I'm new to the forum! I have an ear question. my girl is 7 months old weighing just under 70lbs. her ears in the beginning were up, then they went through the up and down stage and eventually stayed down. i did a yogurt sup for about a month and then switched to frozen raw marrow bones for chewing. her ears will go up sometimes in the cold or excited but back down. 
will her ears ever stand or is it *too late* 
I will love her regardless of being a GSD or a yoda.


----------



## Momto2GSDs

WELCOME Nina! :welcome:

Hard to say whether the window is closed or not. All dogs are different.

Here are some other suggestions to try along with the raw bones for chewing and the plain yogurt:

*Ear Exercise: Whistle or make a sound that will “perk up” the dogs’ ears. Do this about 30 times per day.

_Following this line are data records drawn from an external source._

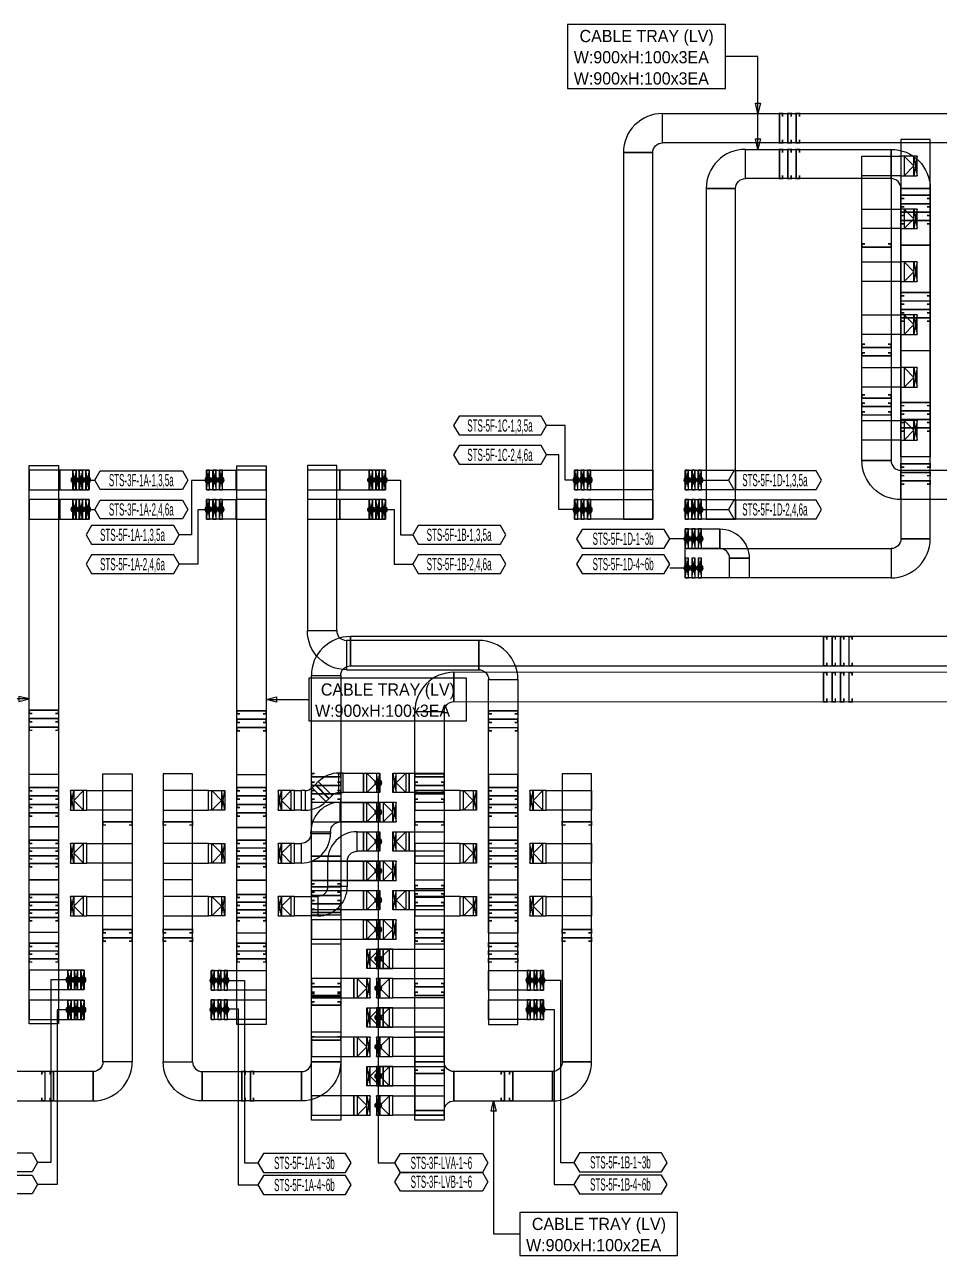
# Model space of a CAD drawing. Header units: millimetres. Extents: x 33932 to 374132, y 182625 to 847314.
# Drawn here: x 130976 to 159053, y 464664 to 502432 of the extents above; entities that cross this region are included whole.
import ezdxf
from ezdxf.enums import TextEntityAlignment as Align

# ---------------------------------------------------------------- set-up
doc = ezdxf.new("R2010")
doc.units = ezdxf.units.MM
doc.header["$LTSCALE"] = 150
for name, color, linetype in [('------00 Switch Gear_Number', 1, 'Continuous'), ('-----26 Electrical Cable Tray_HV_N', 30, 'Continuous'), ('-----26 Electrical Cable Tray_LV_STS1', 3, 'Continuous'), ('-----26 Electrical Cable Tray_LV_STS2', 2, 'Continuous'), ('-----26 Electrical Cable Tray_LV_STS3', 151, 'Continuous'), ('-----26 Electrical Cable Tray_LV_STSPDU_A', 181, 'Continuous'), ('-----26 Electrical Cable Tray_LV_STSPDU_B', 41, 'Continuous'), ('-----99 Cable Schedule', 2, 'Continuous')]:
    doc.layers.add(name, color=color, linetype=linetype)
doc.styles.add('ELEC', font='')
doc.styles.get('ELEC').set_extended_font_data('Dotum')

# ---------------------------------------------------------------- blocks, each defined once
blk = doc.blocks.new('A$C9a0ab699')
h = blk.add_hatch(color=0)
edge = h.paths.add_edge_path()
edge.add_arc((64, 64), 64, 720, 1080, ccw=False)
at = {"color": 0}
blk.add_circle((64, 64), 64, dxfattribs=at)
blk = doc.blocks.new('A$495596483691')
at = {"color": 0}
for p, q in [((100, 600), (0, 600)), ((0, 600), (0, 0)), ((500, 600), (100, 600)), ((500, 0), (500, 600)), ((0, 0), (100, 0)), ((100, 0), (500, 0))]:
    blk.add_line(p, q, dxfattribs=at)
at = {"color": 8}
for p, q in [((400, 300), (100, 600)), ((100, 600), (100, 0)), ((400, 0), (400, 600)), ((400, 600), (500, 0)), ((500, 600), (400, 0)), ((400, 300), (100, 0))]:
    blk.add_line(p, q, dxfattribs=at)
blk = doc.blocks.new('A$C67AE3E09')
at = {"layer": '-----26 Electrical Cable Tray_LV_STS3'}
for p, q in [((424, 850), (0, 425)), ((89, 337), (513, 761)), ((513, 761), (424, 850)), ((0, 425), (89, 337)), ((176, 125), (776, 125)), ((176, 125), (176, 0)), ((776, 0), (776, 125)), ((176, 0), (776, 0))]:
    blk.add_line(p, q, dxfattribs=at)
for radius, end in [(900, 44.9921), (300, 44.9385)]:
    blk.add_arc((-124, 125), radius, 0, end, dxfattribs=at)

msp = doc.modelspace()

# ---------------------------------------------------------------- linework, layer by layer
at = {"layer": '------00 Switch Gear_Number'}
for p, q in [((141829, 479165, 0), (141829, 467501, 0)), ((141829, 467501, 0), (142341, 467501, 0))]:
    msp.add_line(p, q, dxfattribs=at)
at = {"layer": '-----26 Electrical Cable Tray_HV_N', "color": 1}
msp.add_lwpolyline([(147638, 502432), (147638, 500467), (152484, 500467), (152484, 502432)], close=True, dxfattribs=at)
msp.add_lwpolyline([(153484, 499705), (153404, 500025), (153564, 500025), (153484, 499705), (153484, 501450), (152484, 501450)], dxfattribs=at)
at = {"layer": '-----26 Electrical Cable Tray_HV_N', "color": 1, "elevation": 0}
for points in [[(153484, 498605), (153404, 498925), (153564, 498925), (153484, 498605), (153484, 501450)], [(131116, 481738), (130796, 481818), (130796, 481658), (131116, 481738), (129810, 481738)], [(138392, 481721), (138712, 481801), (138712, 481641), (138392, 481721), (139697, 481721)], [(145372, 469405), (145452, 469085), (145292, 469085), (145372, 469405), (145372, 465321), (146174, 465321)]]:
    msp.add_lwpolyline(points, dxfattribs=at)
for points in [[(139697, 482378), (139697, 481063), (144543, 481063), (144543, 482378)], [(146174, 465979), (146174, 464664), (151020, 464664), (151020, 465979)]]:
    msp.add_lwpolyline(points, close=True, dxfattribs=at)
at = {"layer": '-----26 Electrical Cable Tray_LV_STS1', "elevation": 0}
for points in [[(150254, 498505), (150254, 498505, -0.414214), (150554, 498805), (150554, 498805), (150554, 499705, 0.414214), (149354, 498505)], [(150254, 498505), (150254, 498505, -0.414214), (150554, 498805), (150554, 498805), (150554, 499705, 0.414214), (149354, 498505)], [(150254, 498505), (150254, 498505, -0.414214), (150554, 498805), (150554, 498805), (150554, 499705, 0.414214), (149354, 498505)], [(152797, 497405), (152797, 497405, -0.414214), (153097, 497705), (153097, 497705), (153097, 498605, 0.414214), (151897, 497405)], [(152797, 497405), (152797, 497405, -0.414214), (153097, 497705), (153097, 497705), (153097, 498605, 0.414214), (151897, 497405)], [(152797, 497405), (152797, 497405, -0.414214), (153097, 497705), (153097, 497705), (153097, 498605, 0.414214), (151897, 497405)], [(157872, 497405), (157872, 497405, 0.414214), (157572, 497705), (157572, 497705), (157572, 498605, -0.414214), (158772, 497405)], [(157872, 497405), (157872, 497405, 0.414214), (157572, 497705), (157572, 497705), (157572, 498605, -0.414214), (158772, 497405)], [(157872, 497405), (157872, 497405, 0.414214), (157572, 497705), (157572, 497705), (157572, 498605, -0.414214), (158772, 497405)], [(140554, 483837), (140554, 483837, 0.414214), (140854, 483537), (140854, 483537), (140854, 482637, -0.414214), (139654, 483837)], [(140554, 483837), (140554, 483837, 0.414214), (140854, 483537), (140854, 483537), (140854, 482637, -0.414214), (139654, 483837)], [(140554, 483837), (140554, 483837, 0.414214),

*Feed a skinless chicken necks daily. It has naturally occurring calcium. *DO NOT* use a “Calcium” supplement


*Gently pinch the base of the ears together and massage the base without bending the upper ear.


****Unflavored *Gelatin powder: Moisten the kibble with water and sprinkle 1 to 1 ½ Tablespoons on his/her food per feeding. A one ounce box contains 4 envelopes of Gelatin (each packet contains about 2 ½ tsp.). This is found by the “Jello” in the grocery store. It is made from animal collagen. The brand name is Knox Unflavored Gelatin or Great Lakes Unflavored Gelatin. You can purchase Great Lakes on Amazon.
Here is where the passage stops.